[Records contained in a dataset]
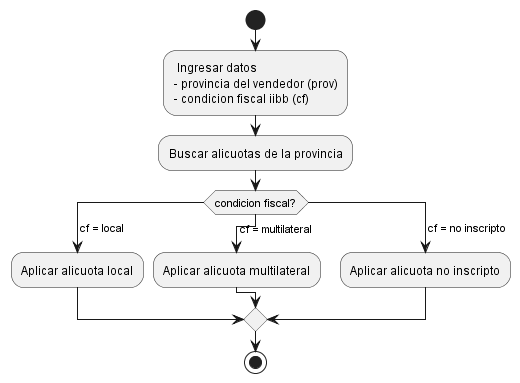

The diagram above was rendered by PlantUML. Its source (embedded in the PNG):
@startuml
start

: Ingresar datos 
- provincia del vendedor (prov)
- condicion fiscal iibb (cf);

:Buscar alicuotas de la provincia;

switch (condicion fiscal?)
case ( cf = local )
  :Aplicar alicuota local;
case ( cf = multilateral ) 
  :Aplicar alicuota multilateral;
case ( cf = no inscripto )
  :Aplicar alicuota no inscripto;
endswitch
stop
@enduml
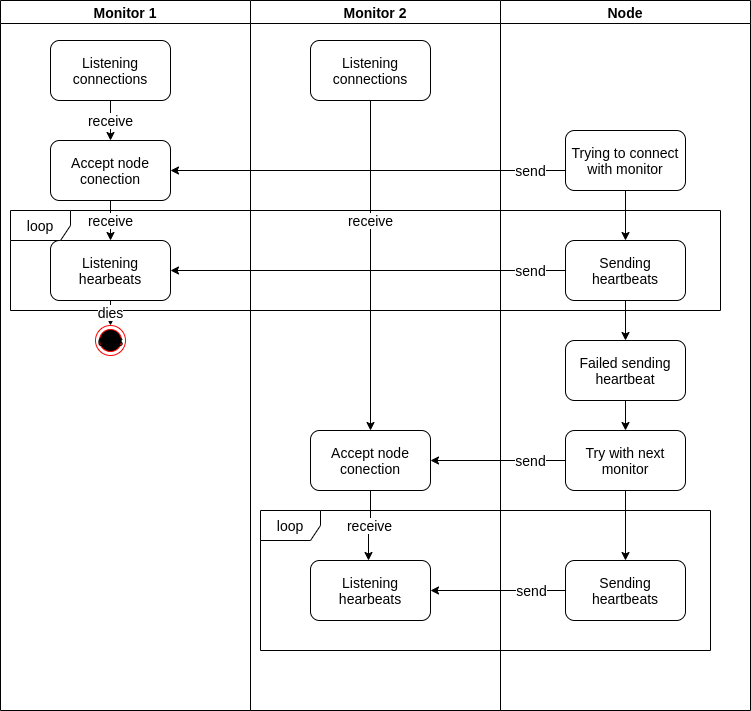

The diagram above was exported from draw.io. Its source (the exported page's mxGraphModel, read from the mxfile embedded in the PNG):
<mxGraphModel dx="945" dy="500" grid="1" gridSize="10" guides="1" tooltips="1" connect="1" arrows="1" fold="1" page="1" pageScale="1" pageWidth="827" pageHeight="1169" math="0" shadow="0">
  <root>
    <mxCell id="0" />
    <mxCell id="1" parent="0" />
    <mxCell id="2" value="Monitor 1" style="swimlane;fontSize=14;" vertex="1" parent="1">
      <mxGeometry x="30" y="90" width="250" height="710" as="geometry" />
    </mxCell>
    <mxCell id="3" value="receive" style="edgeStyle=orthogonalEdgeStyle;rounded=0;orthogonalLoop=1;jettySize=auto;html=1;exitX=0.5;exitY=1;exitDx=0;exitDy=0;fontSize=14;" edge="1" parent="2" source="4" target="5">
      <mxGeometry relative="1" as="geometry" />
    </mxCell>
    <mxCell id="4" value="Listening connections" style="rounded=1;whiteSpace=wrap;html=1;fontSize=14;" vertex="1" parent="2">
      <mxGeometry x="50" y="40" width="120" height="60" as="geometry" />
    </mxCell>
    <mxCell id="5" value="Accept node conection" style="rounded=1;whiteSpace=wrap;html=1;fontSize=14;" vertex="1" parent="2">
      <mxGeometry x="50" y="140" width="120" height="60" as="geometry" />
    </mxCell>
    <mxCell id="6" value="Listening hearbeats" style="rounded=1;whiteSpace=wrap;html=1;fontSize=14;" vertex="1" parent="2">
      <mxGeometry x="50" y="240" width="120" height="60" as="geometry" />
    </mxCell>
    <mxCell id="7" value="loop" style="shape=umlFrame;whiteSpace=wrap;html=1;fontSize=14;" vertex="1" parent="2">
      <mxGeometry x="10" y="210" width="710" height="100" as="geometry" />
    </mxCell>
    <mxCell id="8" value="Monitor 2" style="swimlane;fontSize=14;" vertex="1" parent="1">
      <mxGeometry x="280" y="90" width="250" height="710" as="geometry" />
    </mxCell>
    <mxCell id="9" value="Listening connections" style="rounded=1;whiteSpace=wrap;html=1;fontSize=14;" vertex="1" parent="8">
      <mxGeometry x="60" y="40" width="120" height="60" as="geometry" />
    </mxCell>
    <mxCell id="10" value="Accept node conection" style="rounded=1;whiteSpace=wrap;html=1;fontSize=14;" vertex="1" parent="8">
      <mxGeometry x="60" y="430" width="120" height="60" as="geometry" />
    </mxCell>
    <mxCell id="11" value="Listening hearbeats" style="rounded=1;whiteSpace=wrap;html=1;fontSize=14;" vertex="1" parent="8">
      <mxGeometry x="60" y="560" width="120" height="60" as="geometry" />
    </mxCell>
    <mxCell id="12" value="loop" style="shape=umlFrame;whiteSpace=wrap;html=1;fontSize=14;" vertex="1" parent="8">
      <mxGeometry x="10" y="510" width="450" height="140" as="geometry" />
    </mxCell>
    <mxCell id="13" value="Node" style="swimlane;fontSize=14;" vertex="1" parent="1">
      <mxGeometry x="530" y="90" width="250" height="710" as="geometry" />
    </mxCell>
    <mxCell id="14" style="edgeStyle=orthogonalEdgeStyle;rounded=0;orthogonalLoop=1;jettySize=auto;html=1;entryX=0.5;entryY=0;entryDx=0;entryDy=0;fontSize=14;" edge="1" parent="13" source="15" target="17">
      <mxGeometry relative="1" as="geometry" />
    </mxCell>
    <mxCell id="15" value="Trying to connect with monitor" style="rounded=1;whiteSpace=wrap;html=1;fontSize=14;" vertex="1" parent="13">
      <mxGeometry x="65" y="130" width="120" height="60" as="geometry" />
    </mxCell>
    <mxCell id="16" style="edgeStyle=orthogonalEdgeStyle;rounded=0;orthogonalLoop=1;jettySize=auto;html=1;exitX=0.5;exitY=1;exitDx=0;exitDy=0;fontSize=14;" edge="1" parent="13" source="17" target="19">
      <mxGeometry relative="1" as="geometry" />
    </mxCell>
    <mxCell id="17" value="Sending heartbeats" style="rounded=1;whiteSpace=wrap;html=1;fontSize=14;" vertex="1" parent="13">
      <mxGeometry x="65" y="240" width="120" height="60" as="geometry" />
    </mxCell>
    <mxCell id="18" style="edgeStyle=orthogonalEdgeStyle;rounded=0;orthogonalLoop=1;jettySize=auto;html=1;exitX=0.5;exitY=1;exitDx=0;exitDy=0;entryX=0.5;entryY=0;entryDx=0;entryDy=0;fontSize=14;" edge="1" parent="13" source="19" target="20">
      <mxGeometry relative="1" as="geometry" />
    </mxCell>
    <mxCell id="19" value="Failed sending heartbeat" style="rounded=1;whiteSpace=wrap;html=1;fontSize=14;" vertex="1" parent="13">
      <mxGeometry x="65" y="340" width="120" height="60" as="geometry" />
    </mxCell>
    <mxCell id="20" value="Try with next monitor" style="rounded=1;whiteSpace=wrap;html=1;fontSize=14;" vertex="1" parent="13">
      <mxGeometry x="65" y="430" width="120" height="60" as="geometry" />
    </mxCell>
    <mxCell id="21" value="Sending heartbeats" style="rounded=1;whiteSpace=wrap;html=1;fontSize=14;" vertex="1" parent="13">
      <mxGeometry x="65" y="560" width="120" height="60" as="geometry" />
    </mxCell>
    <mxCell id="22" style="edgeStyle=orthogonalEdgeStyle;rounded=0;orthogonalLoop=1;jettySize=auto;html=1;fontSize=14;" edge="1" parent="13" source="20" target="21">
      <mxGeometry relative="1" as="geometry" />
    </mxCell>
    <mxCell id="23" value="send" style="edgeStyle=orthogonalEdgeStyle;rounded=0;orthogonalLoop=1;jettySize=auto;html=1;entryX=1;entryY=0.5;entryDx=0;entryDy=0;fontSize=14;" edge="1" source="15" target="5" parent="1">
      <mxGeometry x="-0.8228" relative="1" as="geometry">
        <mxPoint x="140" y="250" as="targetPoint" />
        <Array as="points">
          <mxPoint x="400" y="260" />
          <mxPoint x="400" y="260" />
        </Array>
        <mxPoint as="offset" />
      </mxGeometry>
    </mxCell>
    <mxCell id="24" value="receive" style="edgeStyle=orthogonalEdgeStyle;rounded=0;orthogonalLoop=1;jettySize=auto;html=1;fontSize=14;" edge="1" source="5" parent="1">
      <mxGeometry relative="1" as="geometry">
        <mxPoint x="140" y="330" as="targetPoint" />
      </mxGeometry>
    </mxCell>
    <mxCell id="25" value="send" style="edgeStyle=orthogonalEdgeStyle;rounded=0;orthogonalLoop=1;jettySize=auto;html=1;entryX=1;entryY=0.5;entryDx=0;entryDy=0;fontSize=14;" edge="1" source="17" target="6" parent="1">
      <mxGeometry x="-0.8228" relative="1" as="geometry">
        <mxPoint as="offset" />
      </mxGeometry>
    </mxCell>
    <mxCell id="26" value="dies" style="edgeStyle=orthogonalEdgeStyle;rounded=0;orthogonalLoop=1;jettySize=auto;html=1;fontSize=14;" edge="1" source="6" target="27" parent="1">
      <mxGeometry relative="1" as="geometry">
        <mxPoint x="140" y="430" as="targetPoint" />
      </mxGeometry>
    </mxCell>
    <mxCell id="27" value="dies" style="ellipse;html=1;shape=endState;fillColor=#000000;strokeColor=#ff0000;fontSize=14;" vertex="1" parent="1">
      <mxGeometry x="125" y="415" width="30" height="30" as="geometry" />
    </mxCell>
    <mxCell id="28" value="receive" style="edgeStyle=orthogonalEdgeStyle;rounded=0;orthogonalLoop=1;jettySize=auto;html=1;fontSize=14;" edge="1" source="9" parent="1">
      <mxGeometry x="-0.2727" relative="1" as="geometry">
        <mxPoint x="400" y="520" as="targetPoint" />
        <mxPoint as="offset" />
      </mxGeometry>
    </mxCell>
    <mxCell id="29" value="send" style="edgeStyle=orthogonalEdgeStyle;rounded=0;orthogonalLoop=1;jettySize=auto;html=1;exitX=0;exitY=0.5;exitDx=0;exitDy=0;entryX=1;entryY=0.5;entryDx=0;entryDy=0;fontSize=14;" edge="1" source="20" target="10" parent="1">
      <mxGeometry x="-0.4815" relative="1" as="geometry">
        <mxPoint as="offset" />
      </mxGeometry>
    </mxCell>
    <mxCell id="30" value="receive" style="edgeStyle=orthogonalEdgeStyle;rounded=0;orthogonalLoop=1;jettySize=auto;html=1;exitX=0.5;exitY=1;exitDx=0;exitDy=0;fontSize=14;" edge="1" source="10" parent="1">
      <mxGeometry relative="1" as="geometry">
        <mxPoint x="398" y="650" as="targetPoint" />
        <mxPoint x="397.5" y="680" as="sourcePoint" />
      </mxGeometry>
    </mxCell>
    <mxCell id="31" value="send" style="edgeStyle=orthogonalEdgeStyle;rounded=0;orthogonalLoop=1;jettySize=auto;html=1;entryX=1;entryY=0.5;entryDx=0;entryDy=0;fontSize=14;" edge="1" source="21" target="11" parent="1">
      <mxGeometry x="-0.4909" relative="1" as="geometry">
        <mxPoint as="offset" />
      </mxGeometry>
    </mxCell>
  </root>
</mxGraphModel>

▶ TASK PROMPT
Within the records, filter for lines that contain the word "provincia" and show each one.

▶ RESULT OF THIS EXERCISE
- provincia del vendedor (prov)
:Buscar alicuotas de la provincia;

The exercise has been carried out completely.